1. Introduction
In recent years, with the rapid development and complexity of financial markets, the traditional capital asset pricing model (CAPM) is no longer able to fully capture the risk factors in the market and predict stock returns. Since Fama and French proposed the three-factor model in 1992, scholars have been striving to extend and refine these models to improve the accuracy and explanatory power of stock return forecasts. The three-factor model was subsequently extended by Carhart into a four-factor model by adding momentum factors, and eventually evolved into the five-factor model proposed by Fama and French in 2015 [
1].
Although these models have gained wide application and recognition in academia and practice, their effectiveness in dealing with data from some specific sectors or emerging markets remains to be verified. With the development of artificial intelligence technology, machine learning methods, especially those based on neural networks, show potential in the field of financial forecasting [2-3]. Ke et al. (2024) utilized BP-GA to study the volatility and returns of indices, achieving commendable results. This has served as a valuable inspiration for us to explore neural networks after employing traditional models [
4]. Meanwhile, Hu et al. (2024) successfully applied GANs models in their research on Bitcoin returns, which not only confirmed the effectiveness of using the latest models but also pointed the way for our future research endeavors [
5]. LSTM models, as a special kind of recurrent neural network, have attracted much attention for their effectiveness in dealing with long-term dependence problems in time series data, like prediction of return and risk management [6-10]. Of course, GANs is also another popular approach [
11].
The purpose of this study is to compare the predictive effectiveness of three-factor, four-factor, and five-factor models in three major U.S. stock sectors through empirical analyses, and to explore the application of LSTM models in stock return prediction in order to provide insights into the integration of traditional financial theories with modern machine learning methods. This study aims to answer the following core questions: Comparison of model effectiveness: How effective are the three-factor, four-factor, and five-factor models in predicting stock returns for each of the major U.S. stock market sectors? Are there any significant differences in the performance of these models across different industry sectors?Application of LSTM models: Can LSTM models provide predictive accuracy beyond that of traditional factor models in stock return forecasting?What are the strengths and possible challenges of LSTM models when dealing with stock market data?Possibilities for model fusion: Is it possible to combine LSTM models with traditional factor models to predict stock returns?
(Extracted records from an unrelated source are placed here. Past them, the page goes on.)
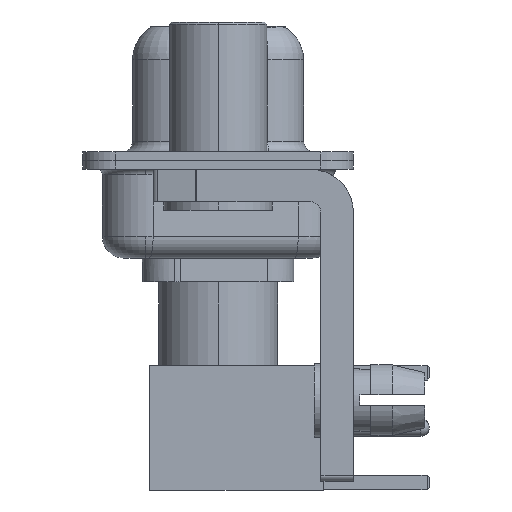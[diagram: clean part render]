
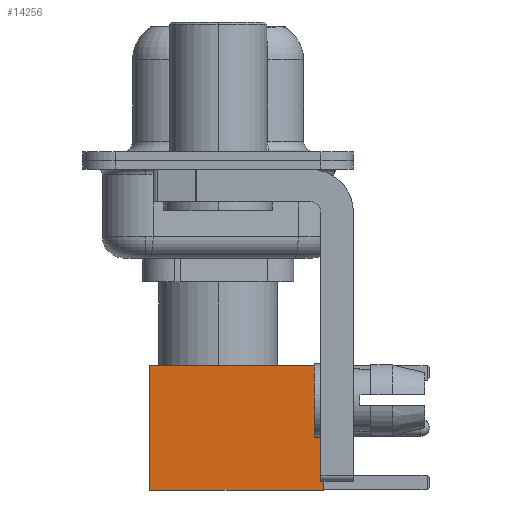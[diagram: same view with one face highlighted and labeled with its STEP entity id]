
A CAD part, left-side view. The second image highlights one B-rep face of the part: STEP entity #14256.
In plain terms, the highlighted face is planar.
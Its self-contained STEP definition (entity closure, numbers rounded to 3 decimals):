
#59 = CARTESIAN_POINT ( 'NONE',  ( 2.875, 2.875, 0. ) ) ;
#1982 = VECTOR ( 'NONE', #5205, 1000. ) ;
#2222 = CARTESIAN_POINT ( 'NONE',  ( 0., 2.875, 8. ) ) ;
#2289 = VECTOR ( 'NONE', #10301, 1000. ) ;
#3178 = FACE_OUTER_BOUND ( 'NONE', #4814, .T. ) ;
#3387 = EDGE_CURVE ( 'NONE', #3467, #11119, #13642, .T. ) ;
#3467 = VERTEX_POINT ( 'NONE', #8419 ) ;
#3532 = CARTESIAN_POINT ( 'NONE',  ( 0., 2.875, 0. ) ) ;
#3574 = ORIENTED_EDGE ( 'NONE', *, *, #3387, .T. ) ;
#4814 = EDGE_LOOP ( 'NONE', ( #8220, #3574, #7760, #15327 ) ) ;
#5086 = LINE ( 'NONE', #8442, #1982 ) ;
#5205 = DIRECTION ( 'NONE',  ( 0., 0., -1. ) ) ;
#7760 = ORIENTED_EDGE ( 'NONE', *, *, #15001, .F. ) ;
#8220 = ORIENTED_EDGE ( 'NONE', *, *, #20765, .T. ) ;
#8350 = CARTESIAN_POINT ( 'NONE',  ( 2.875, 2.875, 8. ) ) ;
#8419 = CARTESIAN_POINT ( 'NONE',  ( 2.875, 2.875, 0. ) ) ;
#8442 = CARTESIAN_POINT ( 'NONE',  ( 2.875, 2.875, 0. ) ) ;
#9444 = VECTOR ( 'NONE', #16117, 1000. ) ;
#9507 = AXIS2_PLACEMENT_3D ( 'NONE', #59, #12160, #13621 ) ;
#9978 = DIRECTION ( 'NONE',  ( 0., 0., -1. ) ) ;
#10301 = DIRECTION ( 'NONE',  ( -1., 0., 0. ) ) ;
#11119 = VERTEX_POINT ( 'NONE', #15982 ) ;
#12160 = DIRECTION ( 'NONE',  ( 0., 1., 0. ) ) ;
#12289 = CARTESIAN_POINT ( 'NONE',  ( -2.875, 2.875, 8. ) ) ;
#12659 = LINE ( 'NONE', #2222, #9444 ) ;
#13104 = CARTESIAN_POINT ( 'NONE',  ( -2.875, 2.875, 0. ) ) ;
#13621 = DIRECTION ( 'NONE',  ( 0., 0., 1. ) ) ;
#13642 = LINE ( 'NONE', #3532, #2289 ) ;
#14256 = ADVANCED_FACE ( 'NONE', ( #3178 ), #18541, .T. ) ;
#15001 = EDGE_CURVE ( 'NONE', #20084, #11119, #15007, .T. ) ;
#15007 = LINE ( 'NONE', #13104, #15940 ) ;
#15327 = ORIENTED_EDGE ( 'NONE', *, *, #20958, .F. ) ;
#15940 = VECTOR ( 'NONE', #9978, 1000. ) ;
#15982 = CARTESIAN_POINT ( 'NONE',  ( -2.875, 2.875, 0. ) ) ;
#16117 = DIRECTION ( 'NONE',  ( -1., 0., 0. ) ) ;
#18541 = PLANE ( 'NONE',  #9507 ) ;
#18891 = VERTEX_POINT ( 'NONE', #8350 ) ;
#20084 = VERTEX_POINT ( 'NONE', #12289 ) ;
#20765 = EDGE_CURVE ( 'NONE', #18891, #3467, #5086, .T. ) ;
#20958 = EDGE_CURVE ( 'NONE', #18891, #20084, #12659, .T. ) ;

Possibilities of model fusion: Is it possible to combine traditional factor models with LSTM models to improve the accuracy of stock return forecasting?
In order to answer the above research questions, the following analytical steps were taken in this study:
Data collection and processing: Data source: The databases of the three major U.S. stock markets (NYSE, AMEX, and NASDAQ) are selected as the main data source to collect monthly data from January 2004 to January 2024, including stock returns and related financial variables of the Manuf, Hitec, and Other sectors [
12,
13]. Pre-processing: the collected data are cleaned, including the filling of vacant values and the elimination of outliers, to ensure that the quality of the data meets the requirements of statistical analyses and machine learning models.
Model building and validation:Construct the three-factor, four-factor and five-factor models of Fama-French, and calculate the corresponding regression coefficients and statistical significance [
14]. LSTM model building: design the LSTM network architecture, determine the appropriate hyperparameters, and divide the dataset into the training set and the test set, which are used to train and validate the predictive performance of the model.
Model comparison:The goodness of fit and prediction accuracy of the models were assessed by comparing the statistical metrics such as R-squared, RMSE (root mean square error) and MAE (mean absolute error) of the different models.
Analysis and interpretation of results:To analyse the contribution of factors in different models and their explanatory power for industry stock returns. Model Effectiveness: Discuss the performance of LSTM models in predicting stock returns and their advantages and limitations relative to traditional factor models [
15,
16]. Industry-specific analysis: to explore the differences in the performance of the models in different industry sectors and analyse how industry characteristics affect the predictive effectiveness of the models.
Conclusions and outlook:Summary: To summarise the research findings and summarise the strengths and limitations of each model. Directions for future research: based on the results of this study, suggest possible directions for future research, such as exploring the application of other machine learning techniques in stock market forecasting.